Export demand for aluminum, one of the most energy-intensive products, has been strong. Demand has also been robust for steel and cement, central to China’s vast construction programs.
As electricity demand has risen, it has also pushed up the price of coal to generate that electricity. But Chinese regulators have not let utilities raise rates enough to cover the rising cost of coal. So the utilities have been slow to operate their power plants for more hours.
It would appear that the Communists give excellent lip service to saving the planet from climate change. Bt when push comes to shove, they are perfectly willing to burn mountains of coal to fuel their factories.
Is Joe Biden paying attention?
With inventories in the west already low, China’s electricity problems have western companies scrambling to fix supply problems before the holiday season.
The electricity shortage is starting to make supply chain problems worse. The sudden restart of the world economy has led to shortages of key components like computer chips and has helped provoke a mix-up in global shipping lines, putting in the wrong places too many containers and the ships that carry them.

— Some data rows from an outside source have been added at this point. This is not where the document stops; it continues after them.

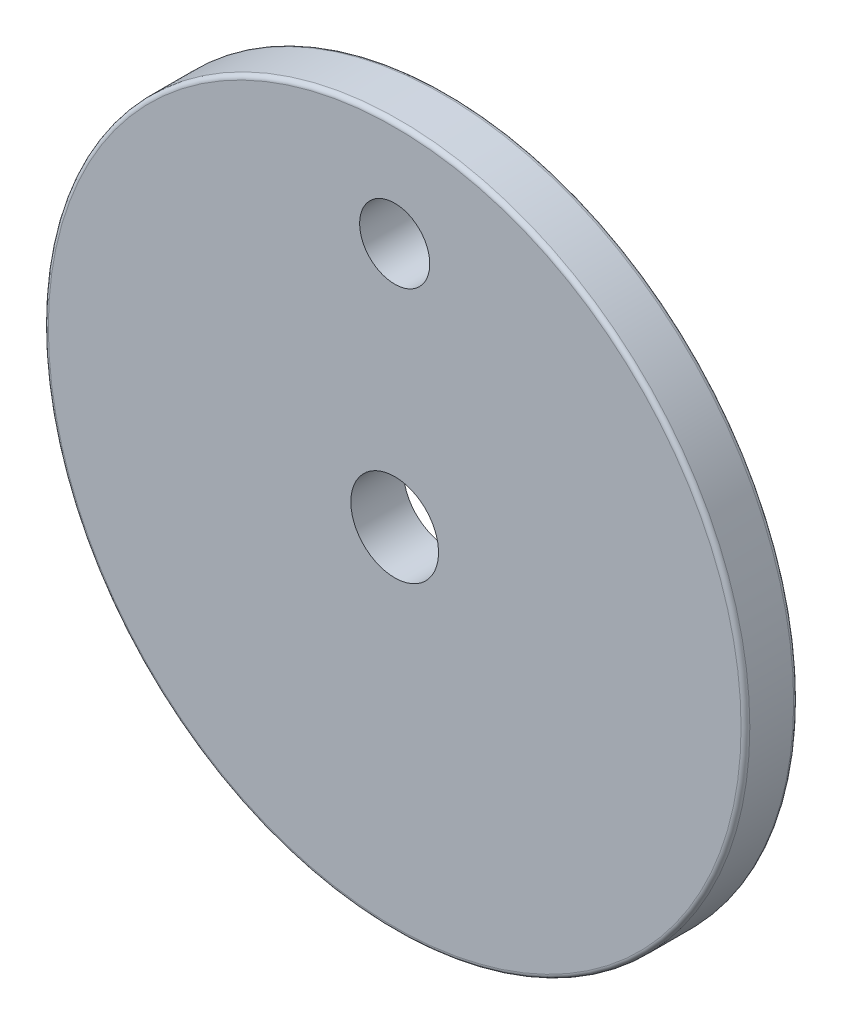
ISO-10303-21;
HEADER;
FILE_DESCRIPTION(('STEP AP214'),'2;1');
FILE_NAME('part.step','',(''),(''),'','','');
FILE_SCHEMA(('AUTOMOTIVE_DESIGN { 1 0 10303 214 1 1 1 1 }'));
ENDSEC;
DATA;
#1=APPLICATION_CONTEXT('core data for automotive mechanical design processes');
#2=APPLICATION_PROTOCOL_DEFINITION('international standard','automotive_design',2000,#1);
#3=PRODUCT_CONTEXT('',#1,'mechanical');
#4=PRODUCT('Part','Part','',(#3));
#5=PRODUCT_RELATED_PRODUCT_CATEGORY('part','',(#4));
#6=PRODUCT_DEFINITION_FORMATION('','',#4);
#7=PRODUCT_DEFINITION_CONTEXT('part definition',#1,'design');
#8=PRODUCT_DEFINITION('design','',#6,#7);
#9=PRODUCT_DEFINITION_SHAPE('','',#8);
#10=(LENGTH_UNIT() NAMED_UNIT(*) SI_UNIT(.MILLI.,.METRE.));
#11=(NAMED_UNIT(*) PLANE_ANGLE_UNIT() SI_UNIT($,.RADIAN.));
#12=(NAMED_UNIT(*) SI_UNIT($,.STERADIAN.) SOLID_ANGLE_UNIT());
#13=UNCERTAINTY_MEASURE_WITH_UNIT(LENGTH_MEASURE(1.E-05),#10,'distance_accuracy_value','');
#14=(GEOMETRIC_REPRESENTATION_CONTEXT(3) GLOBAL_UNCERTAINTY_ASSIGNED_CONTEXT((#13)) GLOBAL_UNIT_ASSIGNED_CONTEXT((#10,
#11,#12)) REPRESENTATION_CONTEXT('',''));
#15=CARTESIAN_POINT('',(0.,0.,0.));
#16=DIRECTION('',(0.,0.,1.));
#17=DIRECTION('',(1.,0.,0.));
#18=AXIS2_PLACEMENT_3D('',#15,#16,#17);
#19=CARTESIAN_POINT('',(0.,0.,38.1));
#20=DIRECTION('',(0.,0.,1.));
#21=DIRECTION('',(1.,0.,0.));
#22=AXIS2_PLACEMENT_3D('',#19,#20,#21);
#23=PLANE('',#22);
#24=CARTESIAN_POINT('',(0.,0.,38.1));
#25=DIRECTION('',(0.,0.,1.));
#26=DIRECTION('',(1.,0.,0.));
#27=AXIS2_PLACEMENT_3D('',#24,#25,#26);
#28=CIRCLE('',#27,501.65);
#29=CARTESIAN_POINT('',(501.65,0.,38.1));
#30=VERTEX_POINT('',#29);
#31=EDGE_CURVE('E10',#30,#30,#28,.T.);
#32=ORIENTED_EDGE('',*,*,#31,.T.);
#33=EDGE_LOOP('',(#32));
#34=FACE_BOUND('',#33,.T.);
#35=CARTESIAN_POINT('',(0.,0.,38.1));
#36=DIRECTION('',(0.,0.,1.));
#37=DIRECTION('',(1.,0.,0.));
#38=AXIS2_PLACEMENT_3D('',#35,#36,#37);
#39=CIRCLE('',#38,63.5);
#40=CARTESIAN_POINT('',(-63.5,0.,38.1));
#41=VERTEX_POINT('',#40);
#42=EDGE_CURVE('E50',#41,#41,#39,.T.);
#43=ORIENTED_EDGE('',*,*,#42,.F.);
#44=EDGE_LOOP('',(#43));
#45=FACE_BOUND('',#44,.T.);
#46=CARTESIAN_POINT('',(0.,355.6,38.1));
#47=DIRECTION('',(0.,0.,1.));
#48=DIRECTION('',(1.,0.,0.));
#49=AXIS2_PLACEMENT_3D('',#46,#47,#48);
#50=CIRCLE('',#49,50.8);
#51=CARTESIAN_POINT('',(-50.8,355.6,38.1));
#52=VERTEX_POINT('',#51);
#53=EDGE_CURVE('E54',#52,#52,#50,.T.);
#54=ORIENTED_EDGE('',*,*,#53,.F.);
#55=EDGE_LOOP('',(#54));
#56=FACE_BOUND('',#55,.T.);
#57=ADVANCED_FACE('F30',(#34,#45,#56),#23,.T.);
#58=CARTESIAN_POINT('',(0.,0.,-38.1));
#59=DIRECTION('',(0.,0.,1.));
#60=DIRECTION('',(1.,0.,0.));
#61=AXIS2_PLACEMENT_3D('',#58,#59,#60);
#62=PLANE('',#61);
#63=CARTESIAN_POINT('',(0.,0.,-38.1));
#64=DIRECTION('',(0.,0.,1.));
#65=DIRECTION('',(1.,0.,0.));
#66=AXIS2_PLACEMENT_3D('',#63,#64,#65);
#67=CIRCLE('',#66,501.65);
#68=CARTESIAN_POINT('',(501.65,0.,-38.1));
#69=VERTEX_POINT('',#68);
#70=EDGE_CURVE('E37',#69,#69,#67,.F.);
#71=ORIENTED_EDGE('',*,*,#70,.T.);
#72=EDGE_LOOP('',(#71));
#73=FACE_BOUND('',#72,.T.);
#74=CARTESIAN_POINT('',(0.,0.,-38.1));
#75=DIRECTION('',(0.,0.,1.));
#76=DIRECTION('',(1.,0.,0.));
#77=AXIS2_PLACEMENT_3D('',#74,#75,#76);
#78=CIRCLE('',#77,63.5);
#79=CARTESIAN_POINT('',(-63.5,0.,-38.1));
#80=VERTEX_POINT('',#79);
#81=EDGE_CURVE('E51',#80,#80,#78,.T.);
#82=ORIENTED_EDGE('',*,*,#81,.T.);
#83=EDGE_LOOP('',(#82));
#84=FACE_BOUND('',#83,.T.);
#85=CARTESIAN_POINT('',(0.,355.6,-38.1));
#86=DIRECTION('',(0.,0.,1.));
#87=DIRECTION('',(1.,0.,0.));
#88=AXIS2_PLACEMENT_3D('',#85,#86,#87);
#89=CIRCLE('',#88,50.8);
#90=CARTESIAN_POINT('',(-50.8,355.6,-38.1));
#91=VERTEX_POINT('',#90);
#92=EDGE_CURVE('E57',#91,#91,#89,.T.);
#93=ORIENTED_EDGE('',*,*,#92,.T.);
#94=EDGE_LOOP('',(#93));
#95=FACE_BOUND('',#94,.T.);
#96=ADVANCED_FACE('F67',(#73,#84,#95),#62,.F.);
#97=CARTESIAN_POINT('',(0.,0.,38.1));
#98=DIRECTION('',(0.,0.,-1.));
#99=DIRECTION('',(-1.,0.,0.));
#100=AXIS2_PLACEMENT_3D('',#97,#98,#99);
#101=CYLINDRICAL_SURFACE('',#100,508.);
#102=CARTESIAN_POINT('',(0.,0.,-31.75));
#103=DIRECTION('',(0.,0.,1.));
#104=DIRECTION('',(1.,0.,0.));
#105=AXIS2_PLACEMENT_3D('',#102,#103,#104);
#106=CIRCLE('',#105,508.);
#107=CARTESIAN_POINT('',(-508.,0.,-31.75));
#108=VERTEX_POINT('',#107);
#109=EDGE_CURVE('E41',#108,#108,#106,.T.);
#110=CARTESIAN_POINT('',(0.,0.,31.75));
#111=DIRECTION('',(0.,0.,1.));
#112=DIRECTION('',(1.,0.,0.));
#113=AXIS2_PLACEMENT_3D('',#110,#111,#112);
#114=CIRCLE('',#113,508.);
#115=CARTESIAN_POINT('',(-508.,0.,31.75));
#116=VERTEX_POINT('',#115);
#117=EDGE_CURVE('E45',#116,#116,#114,.F.);
#118=CARTESIAN_POINT('',(-508.,0.,-31.75));
#119=CARTESIAN_POINT('',(-508.,0.,-31.0885416666667));
#120=CARTESIAN_POINT('',(-508.,0.,-30.4270833333333));
#121=CARTESIAN_POINT('',(-508.,0.,-29.1041666666667));
#122=CARTESIAN_POINT('',(-508.,0.,-28.4427083333333));
#123=CARTESIAN_POINT('',(-508.,0.,-27.1197916666667));
#124=CARTESIAN_POINT('',(-508.,0.,-26.4583333333333));
#125=CARTESIAN_POINT('',(-508.,0.,-25.1354166666667));
#126=CARTESIAN_POINT('',(-508.,0.,-24.4739583333333));
#127=CARTESIAN_POINT('',(-508.,0.,-23.1510416666667));
#128=CARTESIAN_POINT('',(-508.,0.,-22.4895833333333));
#129=CARTESIAN_POINT('',(-508.,0.,-21.1666666666667));
#130=CARTESIAN_POINT('',(-508.,0.,-20.5052083333333));
#131=CARTESIAN_POINT('',(-508.,0.,-19.1822916666667));
#132=CARTESIAN_POINT('',(-508.,0.,-18.5208333333333));
#133=CARTESIAN_POINT('',(-508.,0.,-17.1979166666667));
#134=CARTESIAN_POINT('',(-508.,0.,-16.5364583333333));
#135=CARTESIAN_POINT('',(-508.,0.,-15.2135416666667));
#136=CARTESIAN_POINT('',(-508.,0.,-14.5520833333333));
#137=CARTESIAN_POINT('',(-508.,0.,-13.2291666666667));
#138=CARTESIAN_POINT('',(-508.,0.,-12.5677083333333));
#139=CARTESIAN_POINT('',(-508.,0.,-11.2447916666667));
#140=CARTESIAN_POINT('',(-508.,0.,-10.5833333333333));
#141=CARTESIAN_POINT('',(-508.,0.,-9.26041666666667));
#142=CARTESIAN_POINT('',(-508.,0.,-8.59895833333334));
#143=CARTESIAN_POINT('',(-508.,0.,-7.27604166666667));
#144=CARTESIAN_POINT('',(-508.,0.,-6.61458333333334));
#145=CARTESIAN_POINT('',(-508.,0.,-5.29166666666667));
#146=CARTESIAN_POINT('',(-508.,0.,-4.63020833333334));
#147=CARTESIAN_POINT('',(-508.,0.,-3.30729166666667));
#148=CARTESIAN_POINT('',(-508.,0.,-2.64583333333334));
#149=CARTESIAN_POINT('',(-508.,0.,-1.32291666666668));
#150=CARTESIAN_POINT('',(-508.,0.,-0.661458333333341));
#151=CARTESIAN_POINT('',(-508.,0.,0.661458333333327));
#152=CARTESIAN_POINT('',(-508.,0.,1.32291666666666));
#153=CARTESIAN_POINT('',(-508.,0.,2.64583333333333));
#154=CARTESIAN_POINT('',(-508.,0.,3.30729166666666));
#155=CARTESIAN_POINT('',(-508.,0.,4.63020833333333));
#156=CARTESIAN_POINT('',(-508.,0.,5.29166666666666));
#157=CARTESIAN_POINT('',(-508.,0.,6.61458333333333));
#158=CARTESIAN_POINT('',(-508.,0.,7.27604166666666));
#159=CARTESIAN_POINT('',(-508.,0.,8.59895833333333));
#160=CARTESIAN_POINT('',(-508.,0.,9.26041666666666));
#161=CARTESIAN_POINT('',(-508.,0.,10.5833333333333));
#162=CARTESIAN_POINT('',(-508.,0.,11.2447916666667));
#163=CARTESIAN_POINT('',(-508.,0.,12.5677083333333));
#164=CARTESIAN_POINT('',(-508.,0.,13.2291666666667));
#165=CARTESIAN_POINT('',(-508.,0.,14.5520833333333));
#166=CARTESIAN_POINT('',(-508.,0.,15.2135416666667));
#167=CARTESIAN_POINT('',(-508.,0.,16.5364583333333));
#168=CARTESIAN_POINT('',(-508.,0.,17.1979166666667));
#169=CARTESIAN_POINT('',(-508.,0.,18.5208333333333));
#170=CARTESIAN_POINT('',(-508.,0.,19.1822916666667));
#171=CARTESIAN_POINT('',(-508.,0.,20.5052083333333));
#172=CARTESIAN_POINT('',(-508.,0.,21.1666666666667));
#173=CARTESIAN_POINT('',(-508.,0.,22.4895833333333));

Power supplies are little different. Compared with last year, electricity demand is growing this year in China at nearly twice its usual annual pace. Swelling orders for the smartphones, appliances, exercise equipment and other manufactured goods that China’s factories churn out has driven the rise.
The shortages are contributing to higher prices in the west, as it is now costing Chinese factories 50 percent more to keep the lights on than it did last year. That price increase is going to be passed on to the consumer at some point.
In some ways, China’s power problems were inevitable given its spectacular growth. But those problems have been exacerbated because China’s demand economy has managers allocating resources according to state planning and not the market.
Related: John Kerry’s Million-Dollar China Conundrum
With less than 90 days to Christmas, the situation is not expected to resolve itself before the holidays. Expect some empty shelves and high prices at Christmas time.